I used Smashwords and they made it dead easy to do Kindle stuff.


----------



## ALB2012 (Jun 15, 2012)

Thanks. I will look into that.


----------



## Benjamin Clayborne (Jun 15, 2012)

I've published a couple of short stories on Kindle. I export from OpenOffice (LibreOffice, now) to HTML, and then use the html2mobi perl script to convert the file (after I run it through a vim macro to clean up some of the utterly horrifying HTML output that *Office generates). Haven't really had any problems.

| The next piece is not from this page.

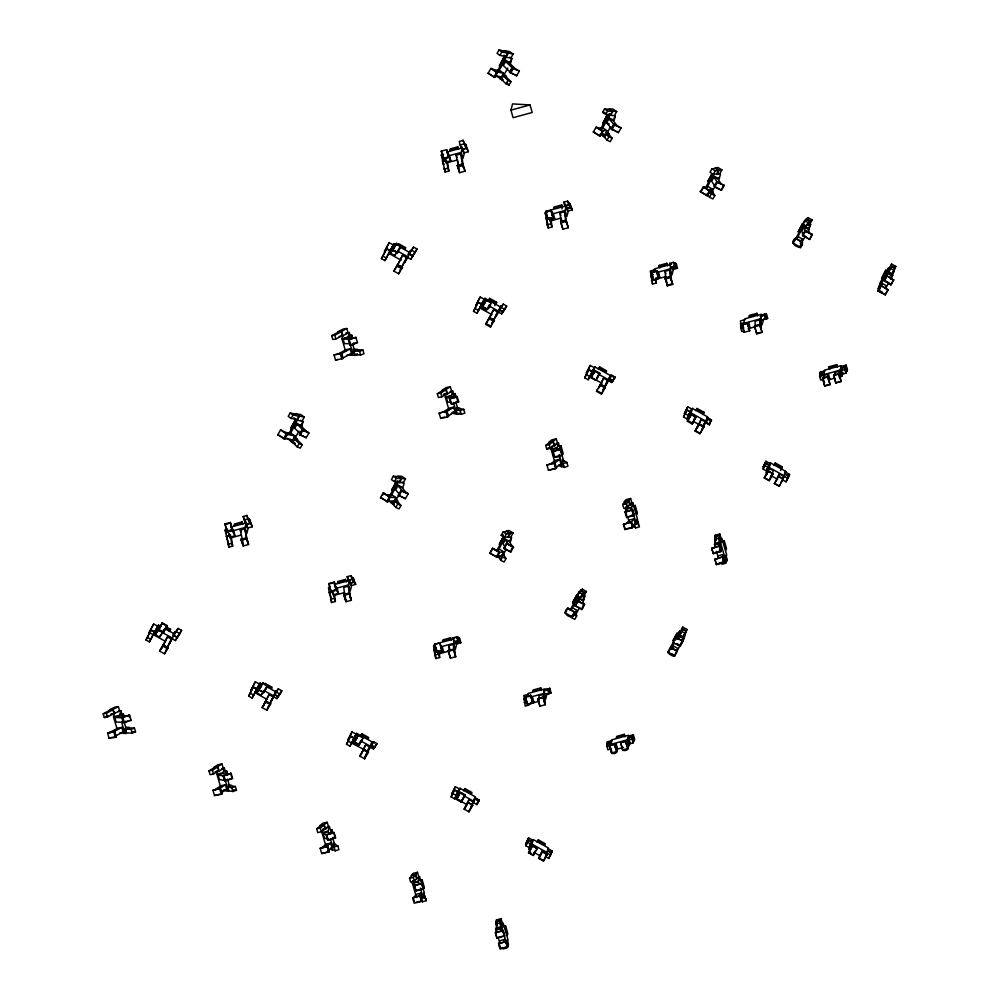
<?xml version="1.0" encoding="UTF-8"?>
<svg xmlns="http://www.w3.org/2000/svg" width="999" height="999" viewBox="0 0 999 999"><rect width="100%" height="100%" fill="white"/><g stroke="black" fill="none" stroke-linecap="round" stroke-linejoin="round"><path stroke-width="1.5" d="M525.049 702.859L523.813 695.529L528.396 694.268M529.033 705.069L525.212 706.106L524.213 698.751L524.95 701.186M537.687 698.913L543.056 696.952L545.279 703.983L545.254 704.72L539.91 706.181L537.687 698.913L543.281 697.439M538.873 700.611L539.023 695.654L543.606 694.405L544.942 698.763L544.78 703.721L543.893 700.811M539.91 706.181L538.336 700.199M543.056 696.952L545.254 704.72M543.456 699.362L543.606 694.405M741.62 328.259L740.384 320.916L744.967 319.668M744.33 330.806L741.782 331.506L740.671 327.872L740.783 324.151L743.331 323.451M754.532 326.598L754.557 325.849L759.914 324.388L762.1 332.405L756.755 333.866L754.532 326.598L759.889 325.137L759.914 324.388M756.755 333.866L754.957 327.16M759.64 324.862L759.789 319.905L755.207 321.154L755.057 326.111L759.64 324.862L760.963 329.22L761.126 324.263L759.789 319.905M117.12 729.307L113.511 716.857L114.748 712.25M118.419 711.251L120.854 710.576L119.63 715.197L113.511 716.857M122.952 715.097L123.339 713.661L120.792 714.347M125.137 722.639L125.524 721.203M119.543 733.129L124.438 731.792L125.662 727.185L122.914 717.557L121.791 717.519L123.327 722.801L131.131 720.304L129.595 715.034L121.791 717.519M165.634 641.508L154.171 635.139L155.394 630.519L158.479 625.074L161.039 626.498M158.479 625.074L157.255 629.695L154.171 635.139M165.896 626.685L170.529 629.27L170.142 630.706L165.509 628.134M170.067 641.321L169.455 643.631L172.552 638.186L173.776 633.578L164.86 628.621M242.045 521.928L241.671 523.364L234.016 525.449L234.403 524L242.045 521.928L242.782 524.438M252.223 526.798L249.45 519.168L252.223 526.798L247.64 528.046L246.978 525.187L248.014 528.921L246.79 533.528L245.042 527.497L246.266 522.877L230.856 527.085M289.91 434.265L296.278 423.039L297.202 419.58M290.01 439.248L293.344 441.096L294.568 436.488M301.573 425.836L301.96 424.388M300.836 420.279L303.059 421.516L301.835 426.123L296.278 423.039M220.567 786.787L216.97 774.337L217.882 770.878M221.865 768.718L224.313 768.056L223.077 772.664L216.97 774.337M224.238 771.827L226.785 771.128L227.123 775.087M345.554 351.223L341.945 338.773L342.869 335.314M345.617 333.491L349.288 332.492L348.064 337.1L341.945 338.773M267.208 699.5L255.732 693.119L256.968 688.511L260.052 683.066L262.6 684.477M351.348 336.613L351.735 335.177L349.188 335.864M260.052 683.066L258.828 687.674L255.732 693.119M353.534 344.156L353.921 342.719M264.76 684.827L265.147 683.391L272.09 687.25L271.716 688.686L265.921 685.476M346.753 355.369L352.872 353.708L354.096 349.088L352.497 343.556M401.123 260.202L389.647 253.821L390.884 249.213L393.968 243.768L396.516 245.18M271.641 699.312L271.029 701.623L274.113 696.166L275.337 691.558L266.421 686.6M393.968 243.768L392.744 248.376L389.647 253.821M398.364 245.267L398.751 243.831L405.706 247.69L405.319 249.138L399.525 245.916M405.557 260.015L404.945 262.325L408.029 256.868L409.253 252.26L400.337 247.302M457.829 146.865L457.442 148.314L449.8 150.399L450.187 148.951L457.829 146.865L458.553 149.388M345.492 579.395L345.117 580.831L337.475 582.917L337.849 581.48L345.492 579.395L346.228 581.905M462.799 149.001L464.198 153.834L462.974 158.441L461.226 152.41L462.15 148.951M350.761 583.978L351.461 586.388L350.237 590.996L348.489 584.964L349.712 580.357L334.303 584.552M503.184 59.241L503.571 57.792L499.325 66.046L503.184 59.241L505.506 60.527M498.738 71.229L505.107 60.002L506.018 56.543M390.971 495.954L397.34 484.715L398.264 481.256M510.139 63.099L510.514 61.651M509.665 57.243L511.888 58.479L510.664 63.087L505.107 60.002M391.071 500.936L394.405 502.784L395.329 499.325M510.914 110.14L512.574 103.908L530.019 104.932L532.205 112.475L513.099 117.682L510.914 110.14L530.019 104.932M325.649 845.166L322.04 832.716L322.964 829.257M326.948 827.097L329.383 826.435L328.159 831.043L322.04 832.716M368.281 752.297L364.598 758.815L359.74 756.106L363.624 749.312L368.494 752.01L352.322 743.393L353.559 738.773L356.643 733.328L371.928 741.82L370.704 746.44L367.62 751.885L368.531 748.426M448.901 409.602L445.292 397.152L446.516 392.545M356.643 733.328L355.419 737.936L352.322 743.393M450.187 391.546L452.634 390.884L451.411 395.492L445.292 397.152M333.666 838.498L334.053 837.05M361.738 733.653L361.351 735.102L368.306 738.96L368.681 737.512L361.738 733.653L360.452 735.926M330.519 848.313L332.967 847.639L334.19 843.031L332.592 837.499M452.522 394.255L455.069 393.556L455.419 397.515M492.057 314.735L480.581 308.366L481.818 303.758L484.902 298.301L500.187 306.805L498.963 311.413L495.879 316.858L496.491 314.548M456.88 402.547L457.255 401.099M484.902 298.301L483.678 302.922L480.581 308.366M489.685 298.376L489.298 299.812L496.253 303.671L496.64 302.235L489.685 298.376L488.399 300.637M561.351 206.356L561.738 204.907L554.095 206.993L553.708 208.441L561.351 206.356L562.075 208.866M450.574 637.774L450.199 639.21L442.557 641.296L442.932 639.86L450.574 637.774L451.311 640.284M566.708 207.043L568.106 211.875L566.883 216.483L565.134 210.452L566.046 206.993M455.844 642.357L456.543 644.767L455.319 649.387L453.571 643.344L454.183 641.046M607.017 115.272L602.772 123.514L607.017 115.272L609.34 116.558M602.185 128.709L608.553 117.47L609.465 114.011M603.396 134.303L605.619 135.539L606.543 132.08M416.258 896.665L412.25 882.829L412.874 880.519M498.439 550.124L505.419 536.575M499.65 555.719L501.873 556.955L502.485 554.645M419.168 883.928L418.369 881.168L419.592 876.548L424.4 893.143L423.176 897.764L420.729 898.426M510.102 541.683L510.489 540.247M422.077 879.632L421.69 881.068L423.876 888.611L424.263 887.174L422.077 879.632L419.53 880.319M467.057 804.694L455.594 798.326L456.818 793.718L459.915 788.261L475.199 796.765L473.976 801.373L470.879 806.817M459.915 788.261L458.678 792.881L455.594 798.326M554.707 461.763L551.098 449.313L551.71 447.003M464.997 788.586L464.622 790.034L471.565 793.893L471.953 792.457L464.997 788.586L463.711 790.858M555.993 443.693L558.441 443.032L557.217 447.639L551.098 449.313M560.889 445.704L560.501 447.152L562.687 454.695L563.074 453.259L560.889 445.704L558.341 446.403M558.354 465.247L562.025 464.235L563.249 459.627L558.441 443.032M601.997 383.304L590.534 376.935L591.758 372.315L594.855 366.87L610.139 375.362L608.915 379.982L605.819 385.427L607.055 380.819M594.855 366.87L593.618 371.478L590.534 376.935M599.637 366.933L599.25 368.381L606.206 372.24L606.58 370.791L599.637 366.933L598.351 369.205M527.272 696.89L528.196 693.431L545.004 688.848L543.781 693.468L545.529 699.5L546.753 694.892M540.784 687.886L540.409 689.335L532.754 691.42L533.141 689.972L540.784 687.886L541.52 690.409M653.721 272.29L654.645 268.831L671.453 264.248M659.19 265.397L658.803 266.845L666.445 264.76L666.832 263.311L659.19 265.397L659.914 267.919M570.192 610.164L577.884 595.379M496.99 925.024L496.016 921.627L496.478 919.892L501.061 918.643L502.372 923.176L501.91 924.899L500.599 920.366L501.061 918.643M495.929 924.063L496.503 921.902L500.324 920.853L501.423 924.624L500.849 926.785L497.015 927.834L495.929 924.063L499.75 923.014L500.324 920.853M672.502 267.869L673.201 270.279L671.977 274.887L670.229 268.856L670.841 266.546M496.59 932.005L495.791 929.245L497.015 924.624M583.366 600.287L583.753 598.851M495.404 932.829L503.121 930.456L504.57 936.026L496.928 938.111L495.404 932.829L503.121 930.456M582.629 594.73L584.852 595.966L583.628 600.586L578.071 597.489L570.991 609.977M496.003 932.666L496.778 929.782L501.361 928.533L502.347 931.93M496.928 938.111L495.516 932.392M500.599 931.418L501.361 928.533M501.91 927.572L503.134 922.964L507.942 939.559L506.718 944.167L501.91 927.572L495.791 929.245M498.563 943.768L506.293 941.395L507.742 946.965L500.099 949.05L498.563 943.768L506.293 941.395M499.175 943.605L499.937 940.721L504.532 939.472L505.506 942.869M525.824 845.716L528.321 840.147L531.805 842.082L531.231 844.242L529.295 847.651L525.824 845.716L528.321 840.147M528.633 837.886L525.849 843.705L528.633 837.886L532.804 840.209L530.019 846.016L530.481 844.292M505.606 926.036L505.232 927.484L507.405 935.027L507.792 933.578L505.606 926.036L503.059 926.735M503.758 942.357L504.532 939.472M528.533 852.746L532.467 845.654L537.25 848.651L533.391 855.456L528.533 852.746L532.467 845.654M531.268 853.333L529.183 852.172L532.267 845.204L536.438 847.514M533.191 839.522L529.87 845.491L528.871 849.587L531.955 844.13L533.191 839.522L548.476 848.014L546.016 854.807M532.267 845.204L529.183 852.172M507.542 945.753L506.955 947.914L503.134 948.95M707.267 187.088L714.248 173.539M626.186 511.775L625.386 509.003L625.998 506.693M533.391 855.456L528.646 852.322M538.286 839.847L537.899 841.295L544.842 845.154L545.229 843.705L538.286 839.847L536.987 842.12M711.313 191.608L710.701 193.918L717.407 182.205L716.932 181.468L714.235 186.239L714.697 186.975L721.49 190.285L724.188 185.527L716.932 181.468M718.668 178.946L719.055 177.51M633.865 524.6L636.313 523.938L631.505 507.342L632.729 502.722L630.282 503.396M538.611 858.353L542.544 851.248L547.327 854.245L543.468 861.051L538.611 858.353L542.544 851.248M542.345 850.798L539.26 857.766L542.345 850.798L546.515 853.121M635.177 505.407L634.79 506.843L636.975 514.385L637.362 512.949L635.177 505.407L632.629 506.093M543.468 861.051L547.415 853.958M545.929 855.394L547.789 850.961L551.261 852.896L548.751 858.453L545.279 856.53M636.313 523.938L637.537 519.318L632.729 502.722M548.751 858.453L552.26 851.011L548.089 848.7M549.487 856.83L552.26 851.011M692.307 408.366L689.223 413.823L687.999 418.431L691.083 412.987L692.307 408.366L707.604 416.87L706.368 421.478L703.284 426.923L703.895 424.625M606.905 743.581L607.355 741.857L611.95 740.596L611.488 742.332L606.905 743.581L607.879 746.977M606.818 746.016L607.392 743.855L611.213 742.819L610.639 744.979L606.818 746.016L607.904 749.787L610.451 749.1M697.09 408.441L696.715 409.877L703.658 413.736L704.045 412.3L697.09 408.441L695.804 410.701M616.995 751.872C608.803 732.542 624.737 756.006 611.638 753.333L609.527 745.491L616.071 743.756L617.382 748.276L616.608 751.161L615.297 746.64L616.071 743.756M611.638 753.333L609.527 745.491M628.071 748.85C619.88 729.52 635.826 752.984 622.727 750.311L620.616 742.469L627.147 740.734L628.458 745.254L627.697 748.139L626.385 743.618L627.147 740.734M624.325 734.302L623.938 735.739L616.296 737.824L616.683 736.388L624.325 734.302L625.049 736.812M622.727 750.311L620.616 742.469M627.322 739.872L628.546 735.264L611.725 739.847L610.501 744.455L627.322 739.872L629.07 745.916L629.982 742.457M628.958 740.009L628.758 736.013L633.354 734.764L634.665 739.297L634.203 741.021L632.891 736.5L633.354 734.764M628.221 740.184L628.796 738.024L632.617 736.975L633.703 740.746L633.129 742.906L629.308 743.955L628.221 740.184L632.042 739.135L632.617 736.975M629.308 743.955L629.882 741.795M756.955 313.311L756.568 314.76L748.925 316.845L749.312 315.397L756.955 313.311L757.679 315.834M667.632 652.397L670.416 647.352L677.397 651.061L674.587 656.268L667.632 652.397L668.443 652.359L671.99 646.166M670.416 647.352L677.397 651.061M670.366 649.238L671.291 645.779L679.782 630.806L677.135 637.911M760.351 318.856L761.575 314.248L744.755 318.831L743.531 323.439L760.351 318.856L762.1 324.9L763.323 320.279M676.86 651.211L677.634 648.326L673.463 646.016L672.689 648.9L675.824 650.636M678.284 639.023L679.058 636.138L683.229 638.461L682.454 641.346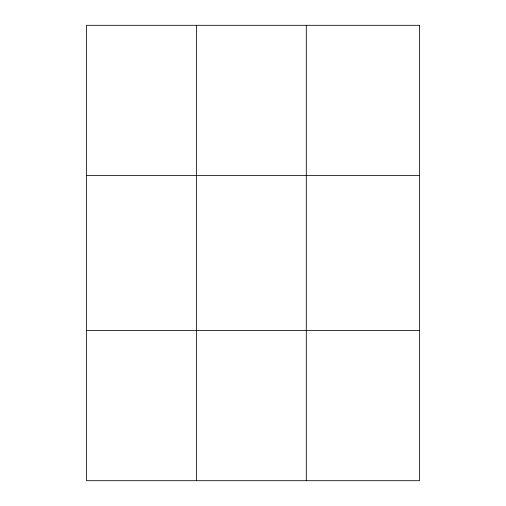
<?xml version="1.0" encoding="UTF-8"?>
<svg xmlns="http://www.w3.org/2000/svg" width="506" height="506" viewBox="0 0 506 506"><rect width="100%" height="100%" fill="white"/><g stroke="black" fill="none" stroke-linecap="round" stroke-linejoin="round"><path stroke-width="0.76" d="M196.385 25.3L196.385 480.7M306.288 25.3L306.288 480.7M86.482 175.582L419.518 175.582M86.482 330.418L419.518 330.418M419.518 25.3L419.518 480.7L86.482 480.7L86.482 25.3L419.518 25.3"/></g></svg>

Then again, my day job is as a web developer, and I run Linux on all my machines, so I may be slightly above the average when it comes to technical know-how


----------



## Veronica (Jun 15, 2012)

There's a free guide for publishing to Kindle that I'd downloaded from Amazon before putting my first piece out there. Having gone through the Smashwords 'meatgrinder' with other works, I found the Kindle guidelines easier and more intuitive. The guide is "Building Your Book for Kindle," and while it references MS Word for the formatting, it should be easily translatable for the more tech-savvy who prefer other word processing programs.


----------



## Steerpike (Jun 15, 2012)

I also exported to HTML from Libre Office, then just went through and manually removed all of the excess HTML tags and added a few of my own (for the cover, for example). Was simple.


----------



## ALB2012 (Jun 15, 2012)

Benjamin Clayborne said:


> I've published a couple of short stories on Kindle. I export from OpenOffice (LibreOffice, now) to HTML, and then use the html2mobi perl script to convert the file (after I run it through a vim macro to clean up some of the utterly horrifying HTML output that *Office generates). Haven't really had any problems.
> 
> Then again, my day job is as a web developer, and I run Linux on all my machines, so I may be slightly above the average when it comes to technical know-how



Ok I understood up until "I've published a couple of short stories on Kindle." Then my "someone talking about programming" reflex switched on ( I live with a man into all that). I get the impression if you know programming its fine, those of us mortals who don't speak computer have to muddle by

If I ever understand I will keep in mind your advice. I use Open office too. Buying Scrivener next week. i just assumed if they ahd an upload software it wouldn't muck it up.


----------



## Telcontar (Jun 15, 2012)

What did you have to do to the LibreOffice HTML, Ben? I export to HTML and upload directly to KDP, and my books look fine. Never saw the need for an intermediate step.


----------



## ALB2012 (Jun 15, 2012)

I think it depends really. I see so many different formatting styles on kindle. After I fixed the weirdness it was ok. It isnt fully justifies as when I tried it looked damn strange. Going to leave it as it is for now and then upload again when I fiddle with it in scrivener for the printed copies


----------



## Christopher Wright (Jun 15, 2012)

I use a program called Jutoh which allows me to take a single source and spit out LibreOffice, HTML, PDF, mobi, and eBook. I generate eBook for Nook/iTunes (and soon Kobo) and mobi for Kindle (Amazon will convert mobi to its latest format). Worked pretty well for my first book, we'll see how it works going forward.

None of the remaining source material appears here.